Today I’m discussing
- MainOne and the Ghanian attraction
- Decagon’s $1.5 million seed round
- Nigeria’s Ministry of Science and Technology’s name change
- Celebrating MTN Nigeria at 20
MainOne and the Ghanian attraction
In 2019, MainOne launched its data centre in Ivory Coast — its first outside Nigeria. With that move, the company signalled its intentions to increase its sphere of influence outside the shores of Nigeria.
Why Ghana? Well, why not Ghana? The West African country has made some inroads in its strategy to boost its digital economy. We’ve seen a digital census, a regulatory innovation sandbox, and a digital template for elections.

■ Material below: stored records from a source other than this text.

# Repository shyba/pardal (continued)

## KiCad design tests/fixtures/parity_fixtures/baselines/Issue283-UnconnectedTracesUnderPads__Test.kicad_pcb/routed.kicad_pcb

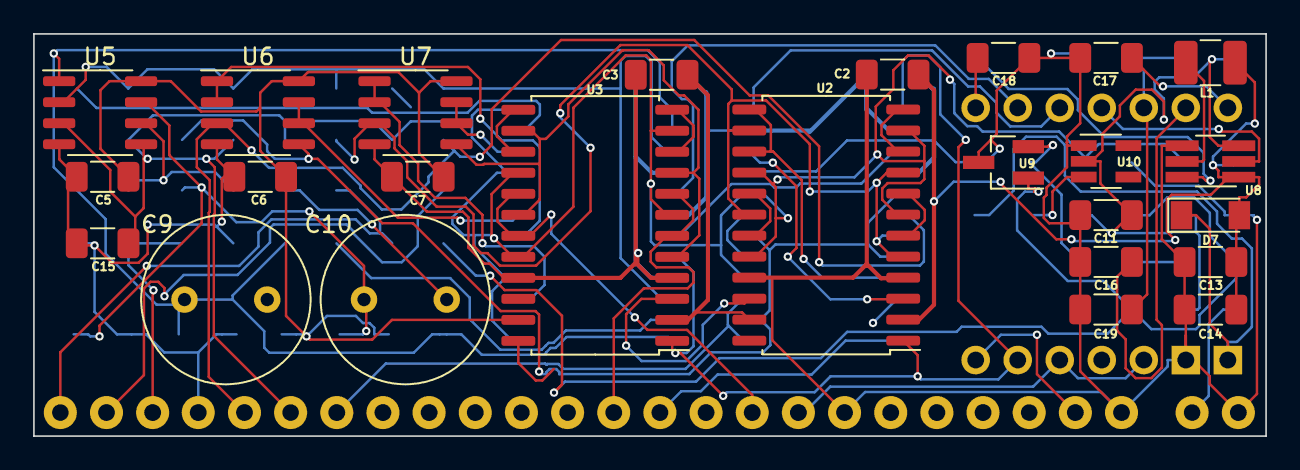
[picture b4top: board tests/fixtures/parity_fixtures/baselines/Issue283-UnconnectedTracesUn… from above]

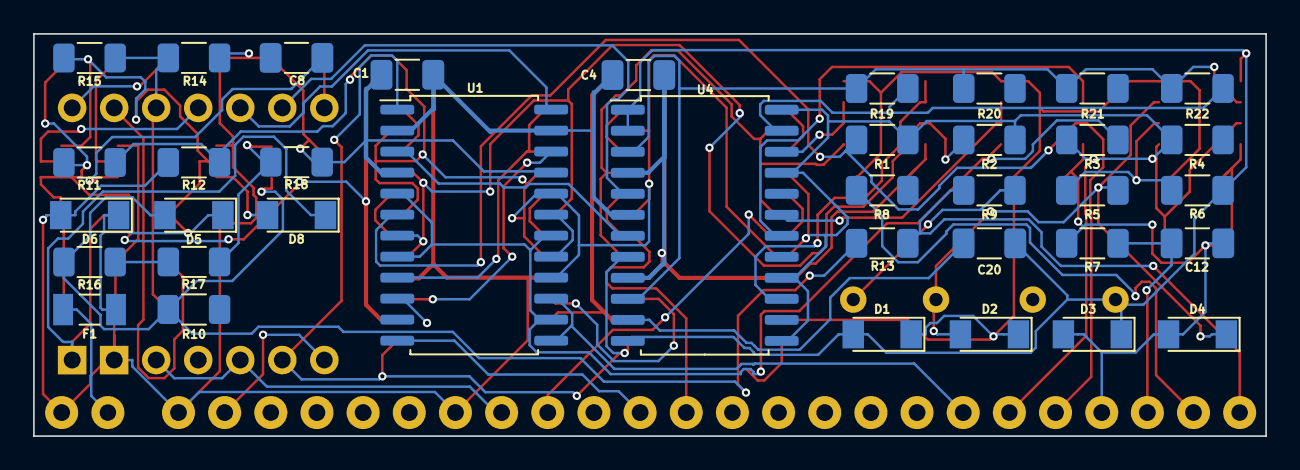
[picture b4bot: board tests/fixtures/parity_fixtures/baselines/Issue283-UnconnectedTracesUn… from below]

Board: 2 copper layers, 74.5 x 24.3 mm, 89 parts (37 on the bottom side), 57 nets.

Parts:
C1, C2, C3, C4, C5, C6, C7, C8, C12, C19: 0.1u; C_1206_3216Metric_Pad1.33x1.80mm_HandSolder
C9, C10: 47u; C_Radial_D10.0mm_H12.5mm_P5.00mm
C11: 10u; C_1206_3216Metric_Pad1.33x1.80mm_HandSolder
C13, C14, C15: 47u; C_1206_3216Metric_Pad1.33x1.80mm_HandSolder
C16, C17, C18, C20: 0.01u; C_1206_3216Metric_Pad1.33x1.80mm_HandSolder
D1, D2, D3, D4, D5, D6, D7, D8: LL4148; D_MiniMELF
F1: 0.1 A; Fuse_Bussman_1206_3216Metric_Pad1.42x1.75mm_HandSolder
J1: 1A+; SolderWirePad_1x01_Drill0.8mm
J2: 1A-; SolderWirePad_1x01_Drill0.8mm
J3: 1B+; SolderWirePad_1x01_Drill0.8mm
J4: 1B-; SolderWirePad_1x01_Drill0.8mm
J5: 2A+; SolderWirePad_1x01_Drill0.8mm
J6: 2A-; SolderWirePad_1x01_Drill0.8mm
J7: 2B+; SolderWirePad_1x01_Drill0.8mm
J8: 2B-; SolderWirePad_1x01_Drill0.8mm
J9: 3A+; SolderWirePad_1x01_Drill0.8mm
J10: 3A-; SolderWirePad_1x01_Drill0.8mm
J11: 3B+; SolderWirePad_1x01_Drill0.8mm
J12: 3B-; SolderWirePad_1x01_Drill0.8mm
J13: POT A; SolderWirePad_1x01_Drill0.8mm
J14: POT B; SolderWirePad_1x01_Drill0.8mm
J15: VOL W; SolderWirePad_1x01_Drill0.8mm
J16: PRE W; SolderWirePad_1x01_Drill0.8mm
J17: MOD W; SolderWirePad_1x01_Drill0.8mm
J18: LED +; SolderWirePad_1x01_Drill0.8mm
J19: LED D; SolderWirePad_1x01_Drill0.8mm
J20: LED -; SolderWirePad_1x01_Drill0.8mm
J21: OUT +; SolderWirePad_1x01_Drill0.8mm
J22: OUT -; SolderWirePad_1x01_Drill0.8mm
J23: OUT G; SolderWirePad_1x01_Drill0.8mm
J24: BAT +; SolderWirePad_1x01_Drill0.8mm
J25: BAT -; SolderWirePad_1x01_Drill0.8mm
J28: GND; SolderWirePad_1x01_Drill0.8mm
L1: 4.7u; L_1210_3225Metric_Pad1.42x2.65mm_HandSolder
R1, R2, R3, R4, R14: 1M; R_1206_3216Metric_Pad1.30x1.75mm_HandSolder
R5, R6: 47k; R_1206_3216Metric_Pad1.30x1.75mm_HandSolder
R7: 10; R_1206_3216Metric_Pad1.30x1.75mm_HandSolder
R8, R9: 100; R_1206_3216Metric_Pad1.30x1.75mm_HandSolder
R10, R13: 1K; R_1206_3216Metric_Pad1.30x1.75mm_HandSolder
R11, R12: 100k; R_1206_3216Metric_Pad1.30x1.75mm_HandSolder
R15: 10M; R_1206_3216Metric_Pad1.30x1.75mm_HandSolder
R16: 300k; R_1206_3216Metric_Pad1.30x1.75mm_HandSolder
R17: 10k; R_1206_3216Metric_Pad1.30x1.75mm_HandSolder
R18: 43k; R_1206_3216Metric_Pad1.30x1.75mm_HandSolder
R19, R20, R21, R22: 4k7; R_1206_3216Metric_Pad1.30x1.75mm_HandSolder
U1, U2, U3: MAX395CWG+; SOIC-24W_7.5x15.4mm_P1.27mm
U4: AD5206BRZ50; SOIC-24W_7.5x15.4mm_P1.27mm
U5, U6, U7: OPA2314/OPA2205/OPA1692; SOIC-8_3.9x4.9mm_P1.27mm
U8: AP63205WU; TSOT-23-6_HandSoldering
U9: ATL431; SOT-23_Handsoldering
U10: AP7383-44WR-7; SOT-23-5_HandSoldering
U11: SeeeduinoXIAO; Seeeduino_XIAO-MOUDLE14P-2.54-21X17.8MM_PINS

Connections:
+5V: C1.1, C2.1, C3.1, C4.1, C5.1, C6.1, C7.1, C13.1, C14.1, D1.1 (K), D2.1 (K), D7.2 (A), J18.1, L1.2, R11.1, U1.2 (V+), U1.23 (*RESET), U2.2 (V+), U2.23 (*RESET), U3.2 (V+), U3.23 (*RESET), U4.6 (VDD), U5.8 (V+), U6.8 (V+), U7.8 (V+), U8.1 (FB)
GND: C1.2, C2.2, C3.2, C4.2, C5.2, C6.2, C7.2, C11.2, C12.1, C13.2, C14.2, C15.2, C16.2, C17.2, C18.2, C19.2, D3.2 (A), D4.2 (A), D6.2 (A), J14.1, J20.1, J25.1, J28.1, R7.1, R12.2, R14.2, R18.2, U1.4 (GND), U1.21 (V-), U2.4 (GND), U2.21 (V-), U3.4 (GND), U3.21 (V-), U4.4 (GND), U4.9 (VSS), U5.4 (V-), U6.4 (V-), U7.4 (V-), U8.4 (GND), U9.3 (A), U10.1 (GND), U11.13 (GND)
unnamed: C8.1, U8.6 (BST)
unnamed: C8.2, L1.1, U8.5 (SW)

Ghana’s policy regarding free speech and online freedom was a huge draw for Twitter as it opened its African office in the country. It is also home to startups like OZÉ, mPharma, Jetstream, and Bitsika.
What does Ghana get? Ghanaians can expect better Internet speeds, less loading time for websites, and access to a world-class data centre with cloud and colocation services for organisations — you know, the usual bells and whistles that come with data centres.
But that’s not all. To find out more, you can read Emmanuel Paul’s deep dive: MainOne’s new data centre could usher in exciting connectivity age in Ghana
Decagon’s $1.5 million raise
African tech talent accelerator, Decagon, has raised a $1.5m seed round to scale its efforts on the edtech, fintech, and future of work fronts. The company will also be looking to deepen gender inclusion by increasing female participation in its cohorts from 25% to 50% in the next three years.
There’s more: Decagon also announced a $25m student loan financing facility in partnership with Sterling Bank.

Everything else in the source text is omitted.